*TASK DESCRIPTION:*
In the entries below, how many lines hold the string "settings"? Give only the number.

*RECORDS:*
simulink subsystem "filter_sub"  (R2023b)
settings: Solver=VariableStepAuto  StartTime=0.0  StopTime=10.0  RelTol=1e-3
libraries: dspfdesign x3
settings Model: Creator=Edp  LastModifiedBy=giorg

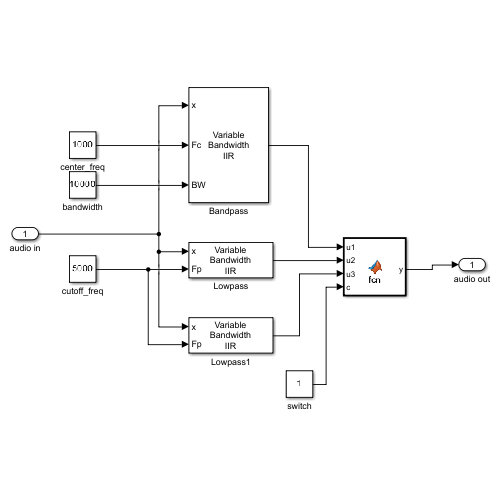
[thumbnail: Simulink's stored preview of the top-level diagram]
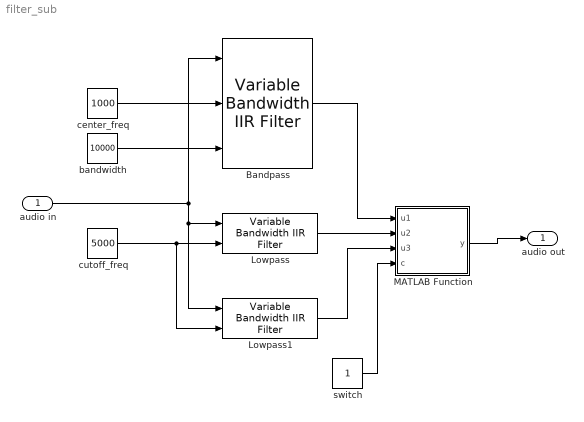
== system filter_sub ==
  audio in : Inport
  Bandpass : dspfdesign/Variable Bandwidth IIR Filter  FilterType=Bandpass  FilterOrder=8  PassbandFrequencyPort=on  PassbandFrequency=512  CenterFrequencyPort=on  CenterFrequency=44100/4  BandwidthPort=on  Bandwidth=7680  PassbandRipple=1  StopbandAttenuation=60  SampleRateMode=Specify on dialog  SampleRate=44100  SimulateUsing=Code generation
  Lowpass : dspfdesign/Variable Bandwidth IIR Filter  FilterType=Lowpass  FilterOrder=8  PassbandFrequencyPort=on  PassbandFrequency=512  CenterFrequencyPort=on  CenterFrequency=44100/4  BandwidthPort=on  Bandwidth=7680  PassbandRipple=1  StopbandAttenuation=60  SampleRateMode=Specify on dialog  SampleRate=44100  SimulateUsing=Code generation
  Lowpass1 : dspfdesign/Variable Bandwidth IIR Filter  FilterType=Highpass  FilterOrder=8  PassbandFrequencyPort=on  PassbandFrequency=512  CenterFrequencyPort=on  CenterFrequency=44100/4  BandwidthPort=on  Bandwidth=7680  PassbandRipple=1  StopbandAttenuation=18  SampleRateMode=Specify on dialog  SampleRate=44100  SimulateUsing=Code generation
  MATLAB Function : MATLAB Function  TreatAsAtomicUnit=on
  bandwidth : Constant  Value=10000
  center_freq : Constant  Value=1000
  cutoff_freq : Constant  Value=5000
  switch : Constant
  audio out : Outport
  wires:
  cutoff_freq/1 -> Lowpass1/2, Lowpass/2
  audio in/1 -> Lowpass1/1, Lowpass/1, Bandpass/1
  center_freq/1 -> Bandpass/2
  Lowpass/1 -> MATLAB Function/2(u2)
  bandwidth/1 -> Bandpass/3
  Bandpass/1 -> MATLAB Function/1(u1)
  MATLAB Function/1(y) -> audio out/1
  switch/1 -> MATLAB Function/4(c)
  Lowpass1/1 -> MATLAB Function/3(u3)

== matlab function filter_sub/MATLAB Function ==
  data: u1 input; y output size=120000; u2 input; u3 input; c input
function y = fcn(u1, u2, u3, c)
y = 0;
if c == 0
    y = u1;
end
if c == 1
    y = u2;
end
if c == 2
    y = u3;
end
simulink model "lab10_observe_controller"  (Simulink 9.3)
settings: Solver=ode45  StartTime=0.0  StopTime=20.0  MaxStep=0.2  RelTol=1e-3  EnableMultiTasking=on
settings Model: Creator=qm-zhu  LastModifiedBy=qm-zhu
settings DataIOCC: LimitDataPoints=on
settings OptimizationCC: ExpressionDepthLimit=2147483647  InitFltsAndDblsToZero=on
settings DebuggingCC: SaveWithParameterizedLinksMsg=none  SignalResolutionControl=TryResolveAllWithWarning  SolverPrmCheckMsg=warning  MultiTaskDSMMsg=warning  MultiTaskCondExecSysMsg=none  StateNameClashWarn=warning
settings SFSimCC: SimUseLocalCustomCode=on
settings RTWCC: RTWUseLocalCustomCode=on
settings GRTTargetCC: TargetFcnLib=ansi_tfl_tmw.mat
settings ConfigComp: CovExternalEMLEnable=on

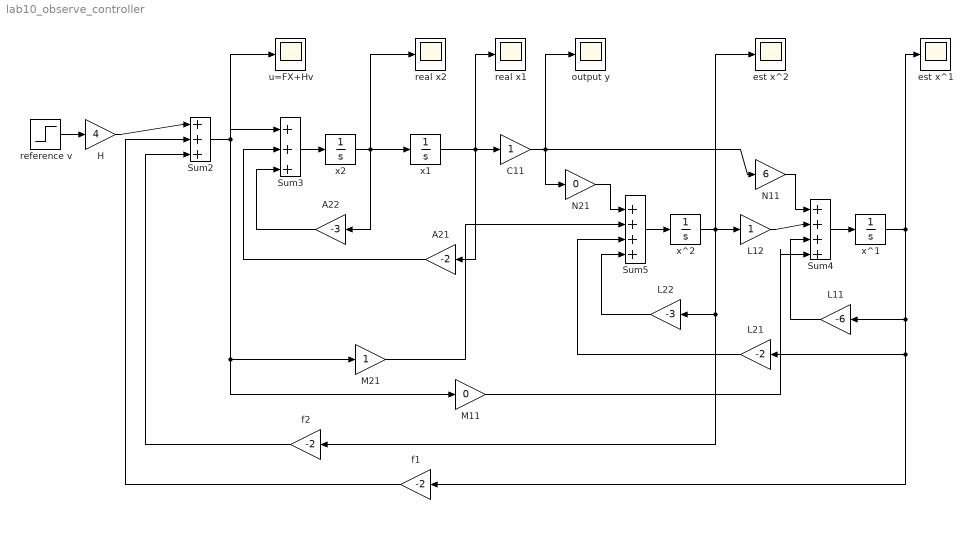
== system lab10_observe_controller ==
  A21 : Gain  Gain=-2
  A22 : Gain  Gain=-3
  C11 : Gain
  H : Gain  Gain=4
  L11 : Gain  Gain=-6
  L12 : Gain
  L21 : Gain  Gain=-2
  L22 : Gain  Gain=-3
  M11 : Gain  Gain=0
  M21 : Gain
  N11 : Gain  Gain=6
  N21 : Gain  Gain=0
  Sum2 : Sum  Inputs=|+++
  Sum3 : Sum  Inputs=|+++
  Sum4 : Sum  Inputs=|++++
  Sum5 : Sum  Inputs=|++++
  est x^1 : Scope
  est x^2 : Scope
  f1 : Gain  Gain=-2
  f2 : Gain  Gain=-2
  output y : Scope
  real x1 : Scope
  real x2 : Scope
  reference v : Step  SampleTime=0
  u=FX+Hv : Scope
  x1 : Integrator
  x2 : Integrator
  x^1 : Integrator
  x^2 : Integrator
  wires:
  reference v/1 -> H/1
  C11/1 -> output y/1, N21/1, N11/1
  f2/1 -> Sum2/3
  f1/1 -> Sum2/2
  H/1 -> Sum2/1
  Sum2/1 -> u=FX+Hv/1, M21/1, M11/1, Sum3/1
  Sum4/1 -> x^1/1
  x^1/1 -> L11/1, L21/1, f1/1, est x^1/1
  N11/1 -> Sum4/1
  L12/1 -> Sum4/2
  L11/1 -> Sum4/3
  Sum5/1 -> x^2/1
  x^2/1 -> L12/1, L22/1, f2/1, est x^2/1
  L21/1 -> Sum5/3
  M21/1 -> Sum5/2
  L22/1 -> Sum5/4
  N21/1 -> Sum5/1
  M11/1 -> Sum4/4
  x2/1 -> x1/1, A22/1, real x2/1
  x1/1 -> C11/1, A21/1, real x1/1
  A22/1 -> Sum3/3
  A21/1 -> Sum3/2
  Sum3/1 -> x2/1
simulink model "BESS_F_V_Controle"  (R2017b)
settings: Solver=ode45  StartTime=0.0  StopTime=10  RelTol=1e-3  EnableMultiTasking=on
values from neighbouring files (symbols this model uses):
  beta = beta (k)    [Parameter_2M_DFIG_BESS.m]
  Cbus = 80e-3    (= 0.08)    [Parameter_2M_DFIG_BESS.m]
  Cbus_bess = 15e-3    (= 0.015)    [Parameter_2M_DFIG_BESS.m]
  Cfilter = 80e-3    (= 0.08)    [Parameter_2M_DFIG_BESS.m]
  cp_opt_abs = abs(max(Cp))    [Parameter_2M_DFIG_BESS.m]
  D = 0.1    [Parameter_2M_DFIG_BESS.m]
  f = 60    [Parameter_2M_DFIG_BESS.m]
  Fs = 1.8    [Parameter_2M_DFIG_BESS.m]
  fsw = 4e3    (= 4000)    [Parameter_2M_DFIG_BESS.m]
  J = 90    [Parameter_2M_DFIG_BESS.m]
  ki_id = (wni^2)*Lr*sigma    (= 491.599501999)    [Parameter_2M_DFIG_BESS.m]
  ki_idg = (wnig^2)*Lg    (= 68.6450725305)    [Parameter_2M_DFIG_BESS.m]
  ki_iq = ki_id    (= 491.599501999)    [Parameter_2M_DFIG_BESS.m]
  ki_iqg = ki_idg    (= 68.6450725305)    [Parameter_2M_DFIG_BESS.m]
  ki_v = -300000    [Parameter_2M_DFIG_BESS.m]
  kp_id = (2*wni*sigma*Lr)-Rr    (= 0.5771)    [Parameter_2M_DFIG_BESS.m]
  kp_idg = (2*wnig*Lg)-Rg    (= 0.364153420404)    [Parameter_2M_DFIG_BESS.m]
  kp_iq = kp_id    (= 0.5771)    [Parameter_2M_DFIG_BESS.m]
  kp_iqg = kp_idg    (= 0.364153420404)    [Parameter_2M_DFIG_BESS.m]
  kp_v = -1000    [Parameter_2M_DFIG_BESS.m]
  Kpg = 1/(1.5*Vs*sqrt(2/3))    [Parameter_2M_DFIG_BESS.m]
  Kqg = -Kpg    [Parameter_2M_DFIG_BESS.m]
  lambda_opt = abs(lambda(posicion))    [Parameter_2M_DFIG_BESS.m]
  Lfilter = 483e-6    (= 0.000483)    [Parameter_2M_DFIG_BESS.m]
  Lg = 483e-6    (= 0.000483)    [Parameter_2M_DFIG_BESS.m]
  Lm = 2.5e-3    (= 0.0025)    [Parameter_2M_DFIG_BESS.m]
  Lr = Lm + Lsr    (= 0.002587)    [Parameter_2M_DFIG_BESS.m]
  Ls = Lm + Lsi    (= 0.002587)    [Parameter_2M_DFIG_BESS.m]
  Lsi = 87e-6    (= 8.7e-05)    [Parameter_2M_DFIG_BESS.m]
  N = 100    [Parameter_2M_DFIG_BESS.m]
  p = 2    [Parameter_2M_DFIG_BESS.m]
  Ps = 2e6    (= 2000000)    [Parameter_2M_DFIG_BESS.m]
  Radio = 44    [Parameter_2M_DFIG_BESS.m]
  Rfilter = 20e-3    (= 0.02)    [Parameter_2M_DFIG_BESS.m]
  Rg = 20e-6    (= 2e-05)    [Parameter_2M_DFIG_BESS.m]
  ro = 1.225    [Parameter_2M_DFIG_BESS.m]
  Rr = 2.9e-3    (= 0.0029)    [Parameter_2M_DFIG_BESS.m]
  Rs = 2.6e-3    (= 0.0026)    [Parameter_2M_DFIG_BESS.m]
  sigma = 1- Lm^2/(Ls*Lr)    (= 0.0661284179513)    [Parameter_2M_DFIG_BESS.m]
  Ts = 1/fsw/f    (= 4.16666666667e-06)    [Parameter_2M_DFIG_BESS.m]
  Vbus_ref = 1200    [Parameter_2M_DFIG_BESS.m]
  Vs = 690    [Parameter_2M_DFIG_BESS.m]
undefined symbols (not defined in the file or in its folder): D1, D11, Delta, DiscIntNeverNeededParam, Ion, Lithium, sigbuilder_block
libraries: powerlib x72, powerlib_meascontrol x37, electricdrivelib x1, simulink x1, sps_avr x1
(part 3 of 3)

== system BESS_F_V_Controle/BESS 1.0 MW 690 V/Control System/PI Iq1 ==
  Q*_ref : Inport
  Q_means : Inport  Port=2
  Discrete-Time Integrator : DiscreteIntegrator  SampleTime=1/fsw  LimitOutput=on  UpperSaturationLimit=1e6  LowerSaturationLimit=-Vbus_ref/sqrt(3)  ICPrevOutput=DiscIntNeverNeededParam  ICPrevScaledInput=DiscIntNeverNeededParam
  Error : Display
  Gain : Gain  Gain=kp_iqg
  Gain1 : Gain  Gain=ki_iqg
  Mean : Display
  Mux : Mux  Inputs=3
  Ref : Display
  Sat : Display
  Sat 1 : Display
  Saturation : Saturate  UpperLimit=1e6  LowerLimit=-1e6
  Scope : Scope
  Sum : Sum  Inputs=|+-
  Sum1 : Sum  Inputs=|++
  "Q " : Outport
  wires:
  Sum1/1 -> Saturation/1
  Discrete-Time Integrator/1 -> Sat 1/1, Sum1/2
  Gain1/1 -> Discrete-Time Integrator/1
  Gain/1 -> Sum1/1
  Saturation/1 -> Sat/1, "Q "/1
  Q_means/1 -> Sum/2, Mean/1, Mux/2
  Q*_ref/1 -> Sum/1, Ref/1, Mux/1
  Sum/1 -> Mux/3, Error/1, Gain/1, Gain1/1
  Mux/1 -> Scope/1

== system BESS_F_V_Controle/BESS 1.0 MW 690 V/Control System/PI Iq3 ==
  Vq*_ref : Inport
  Vq_means : Inport  Port=2
  Discrete-Time Integrator : DiscreteIntegrator  SampleTime=1/fsw  LimitOutput=on  UpperSaturationLimit=1e6  LowerSaturationLimit=-1e6  ICPrevOutput=DiscIntNeverNeededParam  ICPrevScaledInput=DiscIntNeverNeededParam
  Error : Display
  Gain4 : Gain  Gain=kp_iq
  Gain5 : Gain  Gain=ki_iq
  Mean : Display
  Mux : Mux  Inputs=3
  Ref : Display
  Sat : Display
  Sat 1 : Display
  Saturation : Saturate  UpperLimit=1e6  LowerLimit=-1e6
  Scope : Scope
  Sum : Sum  Inputs=|+-
  Sum1 : Sum  Inputs=|++
  "Iq " : Outport
  wires:
  Sum1/1 -> Saturation/1
  Discrete-Time Integrator/1 -> Sat 1/1, Sum1/2
  Gain5/1 -> Discrete-Time Integrator/1
  Gain4/1 -> Sum1/1
  Saturation/1 -> Sat/1, "Iq "/1
  Vq_means/1 -> Sum/2, Mean/1, Mux/2
  Vq*_ref/1 -> Sum/1, Ref/1, Mux/1
  Mux/1 -> Scope/1
  Sum/1 -> Gain5/1, Gain4/1, Mux/3, Error/1

== system BESS_F_V_Controle/BESS 1.0 MW 690 V/Control System/PI Iq4 ==
  Vd*_ref : Inport
  Vd_means : Inport  Port=2
  Discrete-Time Integrator : DiscreteIntegrator  SampleTime=1/fsw  LimitOutput=on  UpperSaturationLimit=1e6  LowerSaturationLimit=-1e6  ICPrevOutput=DiscIntNeverNeededParam  ICPrevScaledInput=DiscIntNeverNeededParam
  Error : Display
  Gain4 : Gain  Gain=kp_id
  Gain5 : Gain  Gain=ki_id
  Mean : Display
  Mux : Mux  Inputs=3
  Ref : Display
  Sat : Display
  Sat 1 : Display
  Saturation : Saturate  UpperLimit=1e6  LowerLimit=-1e6
  Scope : Scope
  Sum : Sum  Inputs=|+-
  Sum1 : Sum  Inputs=|++
  "Id " : Outport
  wires:
  Sum1/1 -> Saturation/1
  Discrete-Time Integrator/1 -> Sat 1/1, Sum1/2
  Gain5/1 -> Discrete-Time Integrator/1
  Gain4/1 -> Sum1/1
  Saturation/1 -> Sat/1, "Id "/1
  Vd_means/1 -> Sum/2, Mean/1, Mux/2
  Vd*_ref/1 -> Sum/1, Ref/1, Mux/1
  Sum/1 -> Gain5/1, Gain4/1, Mux/3, Error/1
  Mux/1 -> Scope/1

== system BESS_F_V_Controle/BESS 1.0 MW 690 V/Control System/Q Control ==
  Q*_ref : Inport
  Q_means : Inport  Port=2
  Discrete-Time Integrator : DiscreteIntegrator  SampleTime=1/fsw  LimitOutput=on  UpperSaturationLimit=1.5e6  LowerSaturationLimit=-1.5e6  ICPrevOutput=DiscIntNeverNeededParam  ICPrevScaledInput=DiscIntNeverNeededParam
  Error : Display
  Gain1 : Gain  Gain=kp_idg
  Gain4 : Gain  Gain=ki_idg
  Gain5 : Gain  Gain=Kqg
  Mean : Display
  Mux : Mux  Inputs=3
  Ref : Display
  Sat : Display
  Sat 1 : Display
  Sat1 : Display
  Saturation : Saturate  UpperLimit=1.5e6  LowerLimit=-1.5e6
  Scope : Scope
  Sum : Sum  Inputs=|+-
  Sum1 : Sum  Inputs=|++
  "Q " : Outport
  wires:
  Mux/1 -> Scope/1
  Sum/1 -> Gain4/1, Gain1/1, Error/1, Mux/3
  Q*_ref/1 -> Mux/1, Ref/1, Sum/1
  Q_means/1 -> Mux/2, Mean/1, Sum/2
  Gain1/1 -> Sat1/1, Sum1/1
  Gain4/1 -> Discrete-Time Integrator/1
  Discrete-Time Integrator/1 -> Sum1/2, Sat 1/1
  Sum1/1 -> Saturation/1
  Gain5/1 -> "Q "/1
  Saturation/1 -> Gain5/1, Sat/1

== system BESS_F_V_Controle/BESS 1.0 MW 690 V/Control System/V* ==
  Vd* : Inport
  Vq* : Inport  Port=2
  Display28 : Display
  Fcn : Fcn  Expr=sqrt((u[1])^2-(u[2])^2)
  Mux1 : Mux  Inputs=2
  "V* " : Outport
  wires:
  Vq*/1 -> Mux1/2
  Vd*/1 -> Mux1/1
  Mux1/1 -> Fcn/1
  Fcn/1 -> "V* "/1, Display28/1

== system BESS_F_V_Controle/BESS 1.0 MW 690 V/Control System/Vbus Control ==
  note: signal
  note: reference
  "ref Vbus " : Inport
  "means Vbus " : Inport  Port=2
  Discrete-Time Integrator1 : DiscreteIntegrator  SampleTime=1/fsw  LimitOutput=on  UpperSaturationLimit=0.5e6  LowerSaturationLimit=-0.5e6  ICPrevOutput=DiscIntNeverNeededParam  ICPrevScaledInput=DiscIntNeverNeededParam
  Error : Display
  Gain2 : Gain  Gain=-1000
  Gain3 : Gain  Gain=-300000
  Mean : Display
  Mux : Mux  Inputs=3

*RESPONSE TO THIS TASK:*
12